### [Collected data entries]

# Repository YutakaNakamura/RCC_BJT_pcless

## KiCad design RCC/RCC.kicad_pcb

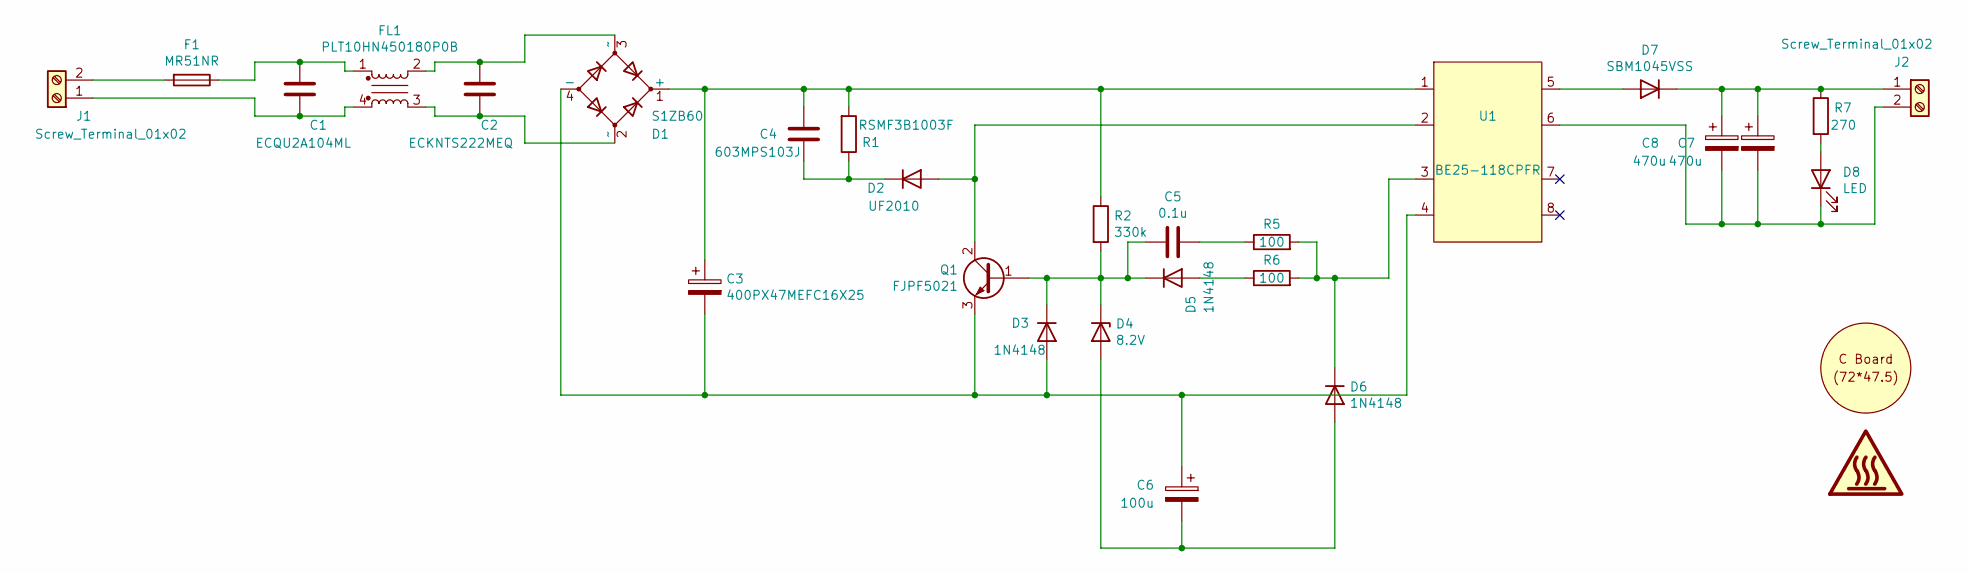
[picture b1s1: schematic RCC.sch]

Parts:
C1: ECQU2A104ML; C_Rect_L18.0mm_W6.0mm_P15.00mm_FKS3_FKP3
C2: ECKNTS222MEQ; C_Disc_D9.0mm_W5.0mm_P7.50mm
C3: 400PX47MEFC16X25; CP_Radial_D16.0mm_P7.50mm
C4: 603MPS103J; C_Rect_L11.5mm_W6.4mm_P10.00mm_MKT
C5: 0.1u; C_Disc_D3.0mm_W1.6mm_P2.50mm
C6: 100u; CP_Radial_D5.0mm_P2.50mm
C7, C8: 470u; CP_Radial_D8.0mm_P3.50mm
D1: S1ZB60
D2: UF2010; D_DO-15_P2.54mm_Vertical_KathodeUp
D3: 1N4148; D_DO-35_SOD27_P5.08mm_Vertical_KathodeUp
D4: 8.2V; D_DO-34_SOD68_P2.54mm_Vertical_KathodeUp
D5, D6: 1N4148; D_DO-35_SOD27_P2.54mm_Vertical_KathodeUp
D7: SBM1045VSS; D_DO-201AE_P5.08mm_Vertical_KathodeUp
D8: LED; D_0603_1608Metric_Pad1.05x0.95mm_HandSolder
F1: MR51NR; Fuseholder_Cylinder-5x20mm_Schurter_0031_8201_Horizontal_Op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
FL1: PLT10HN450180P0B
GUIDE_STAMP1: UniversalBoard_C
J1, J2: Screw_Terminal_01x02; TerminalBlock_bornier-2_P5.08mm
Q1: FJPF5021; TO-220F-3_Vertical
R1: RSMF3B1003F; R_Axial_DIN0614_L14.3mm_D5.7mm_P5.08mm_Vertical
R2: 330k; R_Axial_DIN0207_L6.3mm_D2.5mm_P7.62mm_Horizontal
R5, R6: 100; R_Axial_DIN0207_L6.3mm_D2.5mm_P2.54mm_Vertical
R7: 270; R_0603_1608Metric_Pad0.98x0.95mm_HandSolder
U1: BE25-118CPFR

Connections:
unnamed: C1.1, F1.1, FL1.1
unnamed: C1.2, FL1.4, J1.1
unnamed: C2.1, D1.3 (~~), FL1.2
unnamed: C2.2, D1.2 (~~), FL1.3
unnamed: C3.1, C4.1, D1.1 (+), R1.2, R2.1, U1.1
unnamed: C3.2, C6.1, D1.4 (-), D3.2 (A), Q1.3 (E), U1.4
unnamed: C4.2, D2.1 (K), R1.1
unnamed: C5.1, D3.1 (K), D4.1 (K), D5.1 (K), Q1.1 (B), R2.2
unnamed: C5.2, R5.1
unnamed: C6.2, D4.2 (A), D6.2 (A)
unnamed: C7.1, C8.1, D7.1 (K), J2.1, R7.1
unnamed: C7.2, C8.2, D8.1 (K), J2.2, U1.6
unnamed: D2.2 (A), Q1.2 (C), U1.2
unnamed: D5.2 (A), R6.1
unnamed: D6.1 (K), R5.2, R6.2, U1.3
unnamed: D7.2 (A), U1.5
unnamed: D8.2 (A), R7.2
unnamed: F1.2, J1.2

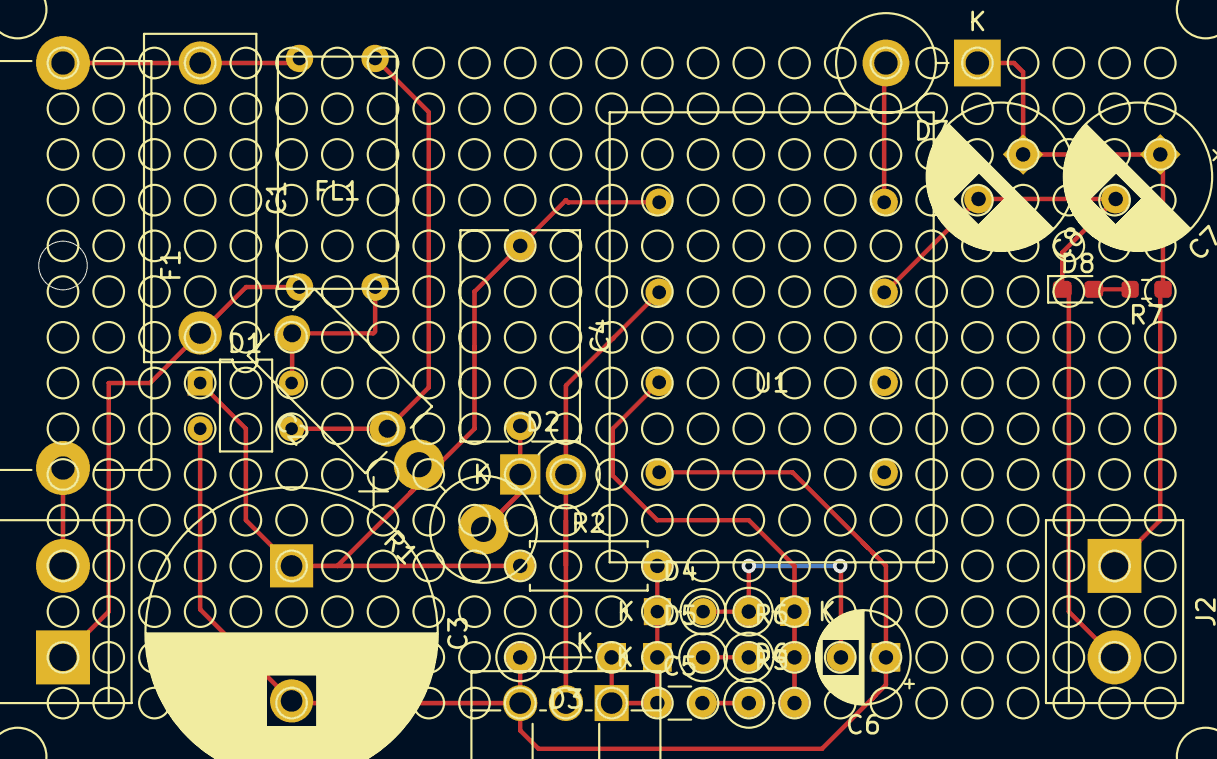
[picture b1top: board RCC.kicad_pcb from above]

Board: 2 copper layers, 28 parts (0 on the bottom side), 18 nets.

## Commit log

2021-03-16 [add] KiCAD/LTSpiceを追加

### [ASSIGNMENT]
Omit the pictures, then extract verbatim only those lines that fall between the line containing "unnamed: C7.1, C8.1, D7.1 (K), J2.1, R7.1" and the final line of the records above, both included.

### [SOLUTION]
unnamed: C7.1, C8.1, D7.1 (K), J2.1, R7.1
unnamed: C7.2, C8.2, D8.1 (K), J2.2, U1.6
unnamed: D2.2 (A), Q1.2 (C), U1.2
unnamed: D5.2 (A), R6.1
unnamed: D6.1 (K), R5.2, R6.2, U1.3
unnamed: D7.2 (A), U1.5
unnamed: D8.2 (A), R7.2
unnamed: F1.2, J1.2

[picture b1top: board RCC.kicad_pcb from above]

Board: 2 copper layers, 28 parts (0 on the bottom side), 18 nets.

## Commit log

2021-03-16 [add] KiCAD/LTSpiceを追加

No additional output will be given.